Miss Laura Cook, from Pennsylvania did me the honour of writing
this short story for my blog. She writes a blog herself and is quite good at
it, though she may say otherwise. Check her blog out here.
Thank you so much Laura. I loved reading this short story and I
hope you readers will too.
The Bilge Master
rabbit heart
She is a slight girl, nervous and
pale, so easy to ignore that she is almost struck by a car as she crosses the
street to the clinic. The driver notices her at the last second and hits the
brakes hard. He leans out of his window and bellows.
“Why don’t you get out of the road,
you slack-jawed idiot?”
He’s right, at least partially. She is indeed in the road—smack-dab in the middle of
his lane—and she is looking somewhat slack-jawed at the moment, frozen in the
glare of his headlights. Her mind had shut down the second she had seen him
coming: any thoughts of running or dodging vanished, replaced by a morbid
fascination that forced her to stare, empty-minded, at the headlights rushing
ever closer. It is good for her that he stopped, as she would not have moved
from the spot until he hit her.
Now, she blinks and the trance is
broken. She steps politely out of the man’s way and makes a vague wave down the
road, indicating his clear path. The driver rolls his eyes, steps on the gas,
and roars out of sight.
She fixes her gaze again on the
clinic across the street, her goal the first time she had stepped from the
sidewalk. Midas Health Clinic, the
sign reads in a businesslike gold font. Health
clinic: a somewhat euphemistic—or at least purposefully ambiguous—name for
a place with a clearly defined purpose. Even though everyone knows what the
clinic is for, and what the people who go there desire.
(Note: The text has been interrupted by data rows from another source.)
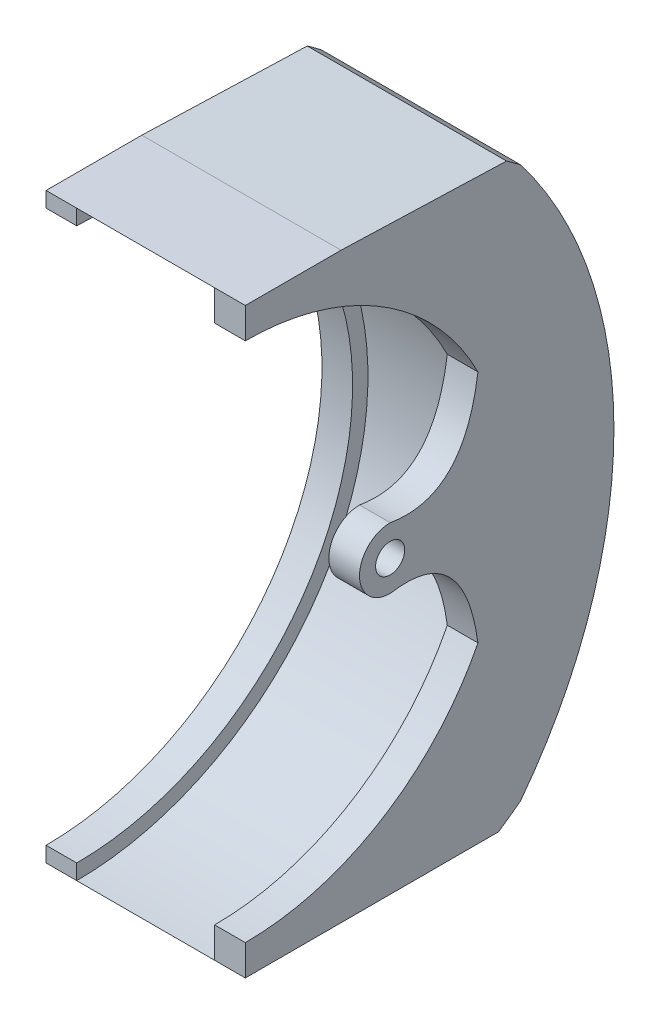
SolidWorks part; units mm, degrees
ref_plane "Plan de face" through (0, 0, 0) normal (0, 0, 1) x (1, 0, 0)
ref_plane "Plan de dessus" through (0, 0, 0) normal (0, 1, 0) x (1, 0, 0)
ref_plane "Plan de droite" through (0, 0, 0) normal (1, 0, 0) x (0, 0, -1)
sketch "Esquisse1" plane through (0, 0, 0) normal (1, 0, 0) x (0, 0, -1)
  line L0 (17.9753, 17.9475) -> (17.9753, -17.9475) construction
  line L1 (14.1443, 14.14) -> (14.1443, -14.14) construction
  line L2 (0, 3.9479) -> (0, -6.61) construction
  line L3 (14.1443, 14.14) -> (17.9753, 17.9475)
  line L4 (14.1443, -14.14) -> (17.9753, -17.9475)
  circle A0 centre (0, 0) radius 20 construction
  circle A1 centre (-5.5, 0) radius 29.55 construction
  arc A2 (14.1443, 14.14) -> (14.1443, -14.14) centre (0, 0) cw
  arc A3 (17.9753, 17.9475) -> (17.9753, -17.9475) centre (-5.5, 0) cw
  dimension "D1" = 40
  dimension "D2" = 59.1
  dimension "D5" = 35.8949
  dimension "D3" = 0
  dimension "D4" = 5.5
  dimension "D6" = 28.28
extrude "Boss.-Extru.1" add sketch "Esquisse1" along normal blind 114
sketch "Esquisse2" plane through (0, 0, 0) normal (-1, 0, 0) x (0, 0, 1)
  circle A0 centre (0, 0) radius 22.55
  dimension "D1" = 45.1
extrude "Enlèv. mat.-Extru.2" cut sketch "Esquisse2" against normal blind 5
sketch "Esquisse4" plane through (114, 0, 0) normal (1, 0, 0) x (0, 0, -1)
  circle A0 centre (0, 0) radius 22.55
  dimension "D1" = 45.1
extrude "Enlèv. mat.-Extru.3" cut sketch "Esquisse4" against normal blind 5
sketch "Esquisse5" plane through (0, 0, 0) normal (0, 0, 1) x (1, 0, 0)
  line L0 (0, 15.9376) -> (0, -15.9376) construction
  line L1 (114, -15.9376) -> (114, 15.9376) construction
  circle A0 centre (2.5, 0) radius 1
  circle A1 centre (111.5, 0) radius 1
  dimension "D1" = 2
  dimension "D2" = 2
  dimension "D3" = 0
  dimension "D4" = 0
  dimension "D5" = 2.5
  dimension "D6" = 2.5
extrude "Enlèv. mat.-Extru.4" cut sketch "Esquisse5" against normal through all
ref_plane "Plan1" through (88.7, 0, 0) normal (1, 0, 0) x (0, 0, -1)
sketch "Esquisse6" plane through (88.7, 0, 0) normal (1, 0, 0) x (0, 0, -1)
  line L0 (0, 17) -> (0, 20)
  line L1 (0, -17) -> (0, -20)
  arc A0 (0, -17) -> (0, 17) centre (0, 0) ccw
  arc A1 (0, -20) -> (0, 20) centre (0, 0) ccw
  dimension "D1" = 34
extrude "Boss.-Extru.2" add sketch "Esquisse6" against normal blind 2
sketch "Esquisse7" plane through (86.7, 0, 0) normal (-1, 0, 0) x (0, 0, 1)
  line L0 (0, 20) -> (0, 19)
  line L1 (0, -20) -> (0, -19)
  arc A0 (0, 19) -> (0, -19) centre (0, 0) ccw
  arc A1 (0, 20) -> (0, -20) centre (0, 0) ccw
  dimension "D1" = 38
extrude "Boss.-Extru.3" add sketch "Esquisse7" along normal blind 9
sketch "Esquisse8" plane through (77.7, 0, 0) normal (-1, 0, 0) x (0, 0, 1)
  line L0 (0, 20) -> (0, 18)
  line L1 (0, -20) -> (0, -18)
  arc A0 (0, 18) -> (0, -18) centre (0, 0) ccw
  arc A1 (0, 20) -> (0, -20) centre (0, 0) ccw
  dimension "D1" = 36
extrude "Boss.-Extru.4" add sketch "Esquisse8" along normal blind 2
ref_plane "Plan2" through (55.6, 0, 0) normal (1, 0, 0) x (0, 0, -1)
sketch "Esquisse9" plane through (55.6, 0, 0) normal (1, 0, 0) x (0, 0, -1)
  line L0 (0, 20) -> (0, 17)
  line L1 (0, -20) -> (0, -17)
  arc A0 (0, -17) -> (0, 17) centre (0, 0) ccw
  arc A1 (0, 20) -> (0, -20) centre (0, 0) cw
extrude "Boss.-Extru.5" add sketch "Esquisse9" against normal blind 2
sketch "Esquisse10" plane through (53.6, 0, 0) normal (-1, 0, 0) x (0, 0, 1)
  line L0 (0, 20) -> (0, 19)
  line L1 (0, -20) -> (0, -19)
  arc A0 (0, 19) -> (0, -19) centre (0, 0) ccw
  arc A1 (0, 20) -> (0, -20) centre (0, 0) ccw
  dimension "D1" = 38
extrude "Boss.-Extru.6" add sketch "Esquisse10" along normal blind 9
sketch "Esquisse11" plane through (44.6, 0, 0) normal (-1, 0, 0) x (0, 0, 1)
  line L0 (0, 20) -> (0, 18)
  line L1 (0, -20) -> (0, -18)
  arc A0 (0, 18) -> (0, -18) centre (0, 0) ccw
  arc A1 (0, 20) -> (0, -20) centre (0, 0) ccw
extrude "Boss.-Extru.7" add sketch "Esquisse11" along normal blind 2
sketch "Esquisse12" plane through (88.7, 0, 0) normal (1, 0, 0) x (0, 0, -1)
  line L1 (0, -20) -> (13.7518, -20)
  line L2 (0, -20) -> (0, -19)
  line L3 (0, -19) -> (13.7518, -19)
  line L4 (13.7518, -20) -> (13.7518, -19)
  line L5 (0, 20) -> (11.1675, 20)
  line L6 (0, 20) -> (0, 19)
  line L7 (0, 19) -> (11.1675, 19)
  line L8 (11.1675, 20) -> (11.1675, 19)
  dimension "D1" = 2
  dimension "D2" = 2
extrude "Enlèv. mat.-Extru.5" cut sketch "Esquisse12" against normal through all
sketch "Esquisse13" plane through (88.7, 0, 0) normal (1, 0, 0) x (0, 0, -1)
  line L1 (17.9753, 17.9475) -> (14.1443, 14.14)
  line L2 (14.1443, -14.14) -> (17.9753, -17.9475)
  line L4 (6.245, 19) -> (17.4397, 18.6272)
  line L5 (6.245, -19) -> (17.1319, -19)
  arc A0 (14.1443, 14.14) -> (6.245, 19) centre (0, 0) ccw
  arc A1 (6.245, -19) -> (14.1443, -14.14) centre (0, 0) ccw
  arc A2 (17.9753, 17.9475) -> (17.4397, 18.6272) centre (-5.5, 0) ccw
  arc A3 (17.9753, -17.9475) -> (17.1319, -19) centre (-5.5, 0) cw
extrude "Boss.-Extru.8" add sketch "Esquisse13" against normal up to surface (13 mm away) up to face at (75.7, 0, -8.1507)
sketch "Esquisse14" plane through (55.6, 0, 0) normal (1, 0, 0) x (0, 0, -1)
  line L0 (14.1443, 14.14) -> (17.9753, 17.9475)
  line L2 (14.1443, -14.14) -> (17.9753, -17.9475)
  line L4 (6.245, 19) -> (17.4397, 18.6272)
  line L5 (6.245, -19) -> (17.1319, -19)
  arc A0 (14.1443, 14.14) -> (6.245, 19) centre (0, 0) ccw
  arc A1 (14.1443, -14.14) -> (6.245, -19) centre (0, 0) cw
  arc A2 (17.4397, 18.6272) -> (17.9753, 17.9475) centre (-5.5, 0) cw
  arc A3 (17.9753, -17.9475) -> (17.1319, -19) centre (-5.5, 0) cw
extrude "Boss.-Extru.9" add sketch "Esquisse14" against normal up to surface (13 mm away) up to face at (42.6, 0, -8.1507)
sketch "Esquisse15" plane through (88.7, 0, 0) normal (1, 0, 0) x (0, 0, -1)
  line L0 (14.4093, 20.2987) -> (16.9015, 24.7608)
  line L1 (16.9015, 24.7608) -> (24.8905, 20.2987)
  line L2 (24.8905, 20.2987) -> (20.896, 15.394)
  line L3 (14.4093, -20.2987) -> (16.9015, -24.7608)
  line L4 (16.9015, -24.7608) -> (22.9342, -18.4643)
  line L5 (22.9342, -18.4643) -> (20.4311, -15.8488)
  arc A1 (14.4093, -20.2987) -> (20.4311, -15.8488) centre (0, 5.5) ccw
  arc A2 (20.896, 15.394) -> (14.4093, 20.2987) centre (0, -5.5) ccw
  dimension "D3" = 59.1
  dimension "D1" = 5.5
  dimension "D2" = 5.5
extrude "Enlèv. mat.-Extru.6" cut sketch "Esquisse15" against normal through all
sketch "Esquisse16" plane through (0, 0, 0) normal (0, 0, 1) x (1, 0, 0)
  line L0 (114, -15.9376) -> (114, 15.9376) construction
  circle A0 centre (114, 13) radius 2
  circle A1 centre (114, -13) radius 2
  circle A2 centre (111.5, 0) radius 1 construction
  dimension "D2" = 4
  dimension "D3" = 4
  dimension "D5" = 13
  dimension "D1" = 0
  dimension "D4" = 0
  dimension "D6" = 13
extrude "Enlèv. mat.-Extru.7" cut sketch "Esquisse16" against normal through all both and the other way through all
sketch "Esquisse17" plane through (0, 0, 0) normal (0, 0, 1) x (1, 0, 0)
  line L1 (42.6, 19) -> (-17.0148, 19)
  line L2 (42.6, 19) -> (42.6, -27.7843)
  line L3 (42.6, -27.7843) -> (-17.0148, -27.7843)
  line L4 (-17.0148, 19) -> (-17.0148, -27.7843)
  line L5 (55.6, 19) -> (118.6605, 19)
  line L6 (55.6, 19) -> (55.6, -28.2749)
  line L7 (55.6, -28.2749) -> (118.6605, -28.2749)
  line L8 (118.6605, 19) -> (118.6605, -28.2749)
extrude "Enlèv. mat.-Extru.8" cut sketch "Esquisse17" against normal through all both
sketch "Esquisse18" plane through (55.6, 0, 0) normal (1, 0, 0) x (0, 0, -1)
  line L0 (0, 0) -> (34.9854, 0) construction
  circle A0 centre (9.45, 0) radius 0.95
  arc A1 (0, -19) -> (0, 19) centre (0, 0) ccw construction
  arc A2 (9.45, 2) -> (9.45, -2) centre (9.45, 0) ccw
  arc A3 (0, -17) -> (0, 17) centre (0, 0) ccw construction
  arc A4 (15.1786, 7.6556) -> (15.1786, -7.6556) centre (0, 0) cw
  spline S0 degree 2 poles (9.45, 2) (14.2867, 1.1651) (15.1786, 7.6556) knots 0 0 0 1 1 1
  spline S1 degree 2 poles (9.45, -2) (14.2867, -1.1651) (15.1786, -7.6556) knots 0 0 0 1 1 1
  dimension "D1" = 1.9
  dimension "D2" = 9.45
  dimension "D4" = 4
  dimension "D3" = 0
extrude "Boss.-Extru.10" add sketch "Esquisse18" against normal up to surface (2 mm away) up to face at (53.6, 0, -9)

She takes a deep breath, trying to
steady her rapid heartbeat, and places a hand over the offending organ. Here it
is: the last moment with her old self. She will not miss it. Trying to embody
the ideals of her new persona, she boldly crosses the street, intentionally
neglecting to look both ways.
midas
The surgeon glances only
perfunctorily at the papers bearing the girl’s signature before turning away
and snapping on his face mask. He trusts that she knows what she’s getting
into; there is a mountain of reading assigned before the patient can sign away
their rights to their heart. If she didn’t read it, it’s her own fault, her own
organs, her own body that’s affected.
He readies
the pills, a blue pill and a white one, and a plastic cup of water and sets
them on the fold-out table next to the operating chair. The pills join a silver
hand mirror on the table. The surgeon steps back and surveys the still life,
then moves the mirror half an inch to the right. There. Just so.
He is a
particular man; he has to have the painting of the skyline on the wall
perfectly straight, his operating room perfectly clean, his surgeries perfectly
executed. This clinic is run to his exacting standards, each action timed like
clockwork. He has his eccentricities; of course, the patients do as well. They
come in here expecting complete confidentiality, which is, to be frank, a bit
of a pointless expectation. The surgeon can see their faces, even if they can’t
see his—to speak nothing of the many casual observers who may have witnessed
the patients entering the clinic. The surgeon knows their names, and he knows
their faces, and if ever anyone famous entered the clinic, the surgeon would
have enough information on that person and their chosen surgery to ruin their
career forever.
But he
doesn’t. This is because he truly doesn’t care. He doesn’t care about his
patients beyond the money that they pay him and the way each successful surgery
bolsters his personal statistics. What these pathetic people do with their
hearts is immaterial to him, and if the surgery works out for them, or if it
doesn’t—what does it matter? He counts the surgery as a success if the patient
doesn’t die in his chair. How soon they die after they leave the chair is their
problem, not his.
Their
problem, just as it is the problem of the trembling girl who enters his room
now. He can see why she has requested a transplant—her bowed head, quivering
fingers, and pallid complexion clearly show what type of heart she has.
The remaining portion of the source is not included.